昔は、お能と狂言は選曲の際、見た目が被るものは、敢えて避けていたらしいですが、今では内容重視で、お能と狂言に繋がりが感じられるものを選曲して、ひとつのテーマを持って会を開くって素敵だなァ、と思いました。

お能と狂言が双子の兄弟だということを思い出させてくれるような構成は大好きです😊✨


●仕舞「鞍馬天狗」
観世喜之

義経繋がりでの選曲。
義経が逃避行中に、子供の頃に鞍馬の大天狗に出会ったことを思い出していたら良いなという佐久間二郎師の想いが込められた選曲でした。

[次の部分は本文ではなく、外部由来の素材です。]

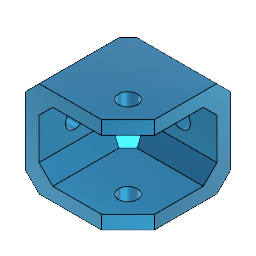
XY Corner Pulley Buddy (Autodesk Fusion 360 design; units mm, degrees)
Autodesk Fusion 360 part; units mm, degrees
note: some values were not read from the file. Set by a fixed rule: which sketch regions a step uses.
sketch "Sketch1" plane through (0, 0, 0) normal (0, 0, 1) x (1, 0, 0)
  line L0 (0, 0) -> (0, -30)
  line L1 (0, -30) -> (4, -30)
  line L2 (4, -30) -> (4, -4)
  line L3 (4, -4) -> (30, -4)
  line L4 (30, -4) -> (30, 0)
  line L5 (30, 0) -> (0, 0)
  circle A0 centre (21, -21) radius 2.75
  line L6 (4, -30) -> (30, -30)
  line L7 (30, -30) -> (30, -4)
  line L8 (12, -30) -> (30, -12) construction
  line L9 (30, -22.253) -> (22.253, -30)
  dimension "d1491" = 4
  dimension "d1509" = 5.5
  dimension "d1510" = 21
  dimension "d1511" = 21
  dimension "d1517" = 45
  dimension "d1539" = 0
  dimension "d1540" = 0
  dimension "d1541" = 0
  dimension "d1542" = 0
  dimension "d1551" = 0
  dimension "d1552" = 0
  dimension "d1553" = 0
  dimension "d1554" = 0
  dimension "d1568" = 0
  dimension "d1569" = 0
  dimension "d1570" = 0
  dimension "d1571" = 0
  dimension "d1580" = 0
  dimension "d1581" = 0
  dimension "d1582" = 0
  dimension "d1583" = 0
  dimension "d1592" = 0
  dimension "d1593" = 0
  dimension "d1594" = 0
  dimension "d1595" = 0
  dimension "d1607" = 0
  dimension "d1608" = 0
  dimension "d1609" = 0
  dimension "d1610" = 0
  dimension "d1663" = 0
  dimension "d1664" = 0
  dimension "d1665" = 0
  dimension "d1666" = 0
  dimension "d1671" = 0
  dimension "d1672" = 0
  dimension "d1673" = 0
  dimension "d1674" = 0
  dimension "d1688" = 0
  dimension "d1689" = 0
  dimension "d1690" = 0
  dimension "d1691" = 0
  dimension "d1696" = 0
  dimension "d1697" = 0
  dimension "d1698" = 0
  dimension "d1699" = 0
  dimension "d1708" = 0
  dimension "d1709" = 0
  dimension "d1710" = 0
  dimension "d1711" = 0
  dimension "d1742" = 0
  dimension "d1743" = 0
  dimension "d1744" = 0
  dimension "d1745" = 0
  dimension "d1774" = 0
  dimension "d1775" = 0
  dimension "d1776" = 0
  dimension "d1777" = 0
  dimension "d1786" = 0
  dimension "d1787" = 0
  dimension "d1788" = 0
  dimension "d1789" = 0
  dimension "d2119" = 0
  dimension "d2120" = 0
  dimension "d2121" = 0
  dimension "d2122" = 0
  dimension "d2864" = 0
  dimension "d2865" = 0
  dimension "d2866" = 0
  dimension "d2867" = 0
  dimension "d2904" = 0
  dimension "d2905" = 0
  dimension "d2906" = 0
  dimension "d2907" = 0
  dimension "d2912" = 0
  dimension "d2913" = 0
  dimension "d2914" = 0
  dimension "d2915" = 0
  dimension "d1" = 30
  dimension "d2" = 30
  dimension "d307" = 4.5
  constraint vertical L0
  constraint perpendicular L0 L1
  constraint perpendicular L1 L2
  constraint perpendicular L2 L3
  constraint perpendicular L3 L4
  constraint perpendicular L0 L5
  constraint equal L1 L4
  constraint equal L0 L5
  constraint coincident L0.start L5.end
  constraint perpendicular L2 L6
  constraint perpendicular L3 L7
  constraint midpoint A0.centre L8
  constraint coincident L7 L8.end
  constraint coincident L7 L9.start
  constraint coincident L6 L9.end
  measures "d1491" horizontal distance of L0.end L1.end
  measures "d1509" diameter of A0
  measures "d1510" horizontal distance of L0.start A0.centre
  measures "d1511" vertical distance of L0.start A0.centre
  measures "d1517" angle of L3 L8
  measures "d1" vertical distance of L0.start L0.end
  measures "d2" horizontal distance of L0.start L4.end
  measures "d307" distance of A0 L9
extrude "Extrude1" add sketch "Sketch1" along normal mid plane 20 contours L0 L1 L2 L3 L4 L5
extrude "Extrude5" add sketch "Sketch1" against normal blind 4 from surface at -10 contours L0 L1 L2 L3 L4 L5 | L2 L3 L6 L7 L9
extrude "Extrude12" add 1 faces at (16.6651, -6.1467, -14) along direction (0, 0, 1) blind 4 from surface at 24
chamfer "Chamfer2" distance 5 angle 45 2 edges at (4, -4, 0) (0, 0, 0)
sketch "Sketch3" plane through (0, -30, 0) normal (0, -1, 0) x (1, 0, 0)
  line L0 (30, 14) -> (5, 14)
  line L1 (5, -14) -> (30, -14)
  line L2 (30, 14) -> (30, -14)
  line L3 (0, 0) -> (-1.5, 0) construction
  line L4 (0, 4.5) -> (-1.5, 3)
  line L5 (-1.5, 3) -> (-1.5, -3)
  line L6 (-1.5, -3) -> (0, -4.5)
  line L7 (0, 14) -> (5, 14)
  line L8 (5, -14) -> (0, -14)
  line L9 (0, -14) -> (0, 14)
  dimension "d3" = 1.5
  dimension "d4" = 6
  constraint coincident L3.start origin
  constraint horizontal L3
  constraint midpoint L3.end L5
  constraint perpendicular L4 L6
  constraint symmetric L3 L4.start L6.end
  measures "d3" distance of L3.start L3.end
  measures "d4" vertical distance of L4.end L5.end
extrude "Extrude15" add sketch "Sketch3" along normal blind 6.5 from surface at -25 contours L4 L5 L6 L9
hole "Hole5" at (4, -19.5, 0) direction (-1, 0, 0) diameter 5.5 depth 10 tip angle 118
sketch "Sketch5" plane through (-1.5, 0, 0) normal (-1, 0, 0) x (0, -1, 0)
  circle A0 centre (19.5, 0) radius 2.75
  line L0 (27, -5) -> (12, -5)
  line L1 (12, -5) -> (12, 5)
  line L2 (12, 5) -> (27, 5)
  line L3 (27, 5) -> (27, -5)
  line L4 (27, -5) -> (12, 5) construction
  line L5 (12, -5) -> (27, 5) construction
  line L6 (30, -14) -> (30, 14)
  point P0 (19.5, 0)
  dimension "d345" = 10
  dimension "d346" = 15
  dimension "d348" = 3
  constraint perpendicular L0 L1
  constraint parallel L0 L2
  constraint parallel L1 L3
  constraint horizontal L0
  constraint coincident L4 P0
  constraint coincident L5 P0
  constraint coincident P0 A0.centre
  measures "d345" distance of L0.end L1.end
  measures "d346" distance of L1.end L2.end
  measures "d348" distance of L2.end L6
chamfer "Chamfer6" distance 1.5 angle 45 1 edges at (-1.5, -5, 0)
ref_plane "WorkPlane1" through (0, 0, 0) normal (-0.707107, -0.707107, 0) x (0, 0, 1)
mirror "Mirror1" about plane through (0, 0, 0) normal (-0.707107, -0.707107, 0) of "Extrude15", "Hole5", "Chamfer6"
chamfer "Chamfer3" distance 4 angle 45 12 edges at (19.5, -4, 10) (4, -19.5, 10) (6.5, -6.5, 10) (19.5, -4, -10) (6.5, -6.5, -10) (4, -19.5, -10) (0, -17.5, 14) (17.5, 0, 14) (17.5, 0, -14) (0, -17.5, -14) (2.5, -2.5, 14) (2.5, -2.5, -14)
equation "d1511 = d1510"
named bodies: "XY Corner Pulley Buddy"

「鞍馬天狗」も観たことあるので、その時を思い出しながら観てました。観たことある演目だと、仕舞もより楽しくなります😊


●能「安宅」勧進帳・瀧流

シテ(武蔵坊弁慶):佐久間二郎
  子方(源義経):佐久間瑞稀
  ワキ(富樫某):宝生常三
  アイ (強力):野村萬斎
  アイ(太刀持):高野和憲
   ツレ(山伏):永島 充
   ツレ(山伏):坂真太郎
   ツレ(山伏):長山耕三
   ツレ(山伏):桑田貴志
   ツレ(山伏):奥川恒成
   ツレ(山伏):石井寛人
   ツレ(山伏):中森健之介
   ツレ(山伏):小島英明
   ツレ(山伏):鈴木啓吾

後見:観世喜之 奥川恒治 遠藤喜久

 笛:竹市 学
小鼓:鵜澤洋太郎
大鼓:柿原弘和

「安宅」を観たのは、これで3度目かな。今回観て、改めて思ったことは、能は同じ演目でも観れば観るほど、面白くなる、ということでした。噛めば噛むほど旨味が出てくるスルメのように、観れば観るほど、その曲の理解度が深まり、解像度も高くなり、魅力が伝わってくる。

今回の『安宅』は、よりドラマティックでドキドキハラハラしました。ワキの宝生常三さんの見た目とオーラが強過ぎて😂思わずシテの弁慶を応援したくなるような臨場感がありました。脇正面から観てたけど、ぶつかり合いの時とか常三さんの表情がガチだった💦

ツレの皆さんのチームワークも良かったと思います。正面からみて逆三角形▽になるフォーメーションも、横から見てたらカッコよくて、キレイで、素晴らしかった👍✨

そして、佐久間二郎さんの弁慶と、娘・瑞稀さんの義経。親子ならではの信頼感が、そのまま役に反映されてるようで、とても素晴らしい弁慶と義経でした👏👏👏

ちなみに、アイの たかのん の強力は観たことあるけど、太刀持役は初めて観ました。常三さんの従者に相応しいと思うくらい、凄い迫力がありました😳✨

そして我が推し、萬斎さんの強力を観るのは今回で2度目。
狂言の方はアドだったとはいえ、ここでも掛け持ちするとは💦

こういうシリアスな役を観れるのは間狂言ならでは。
狂言とお能、両方で推しが観れて満足度が高い1日となりました。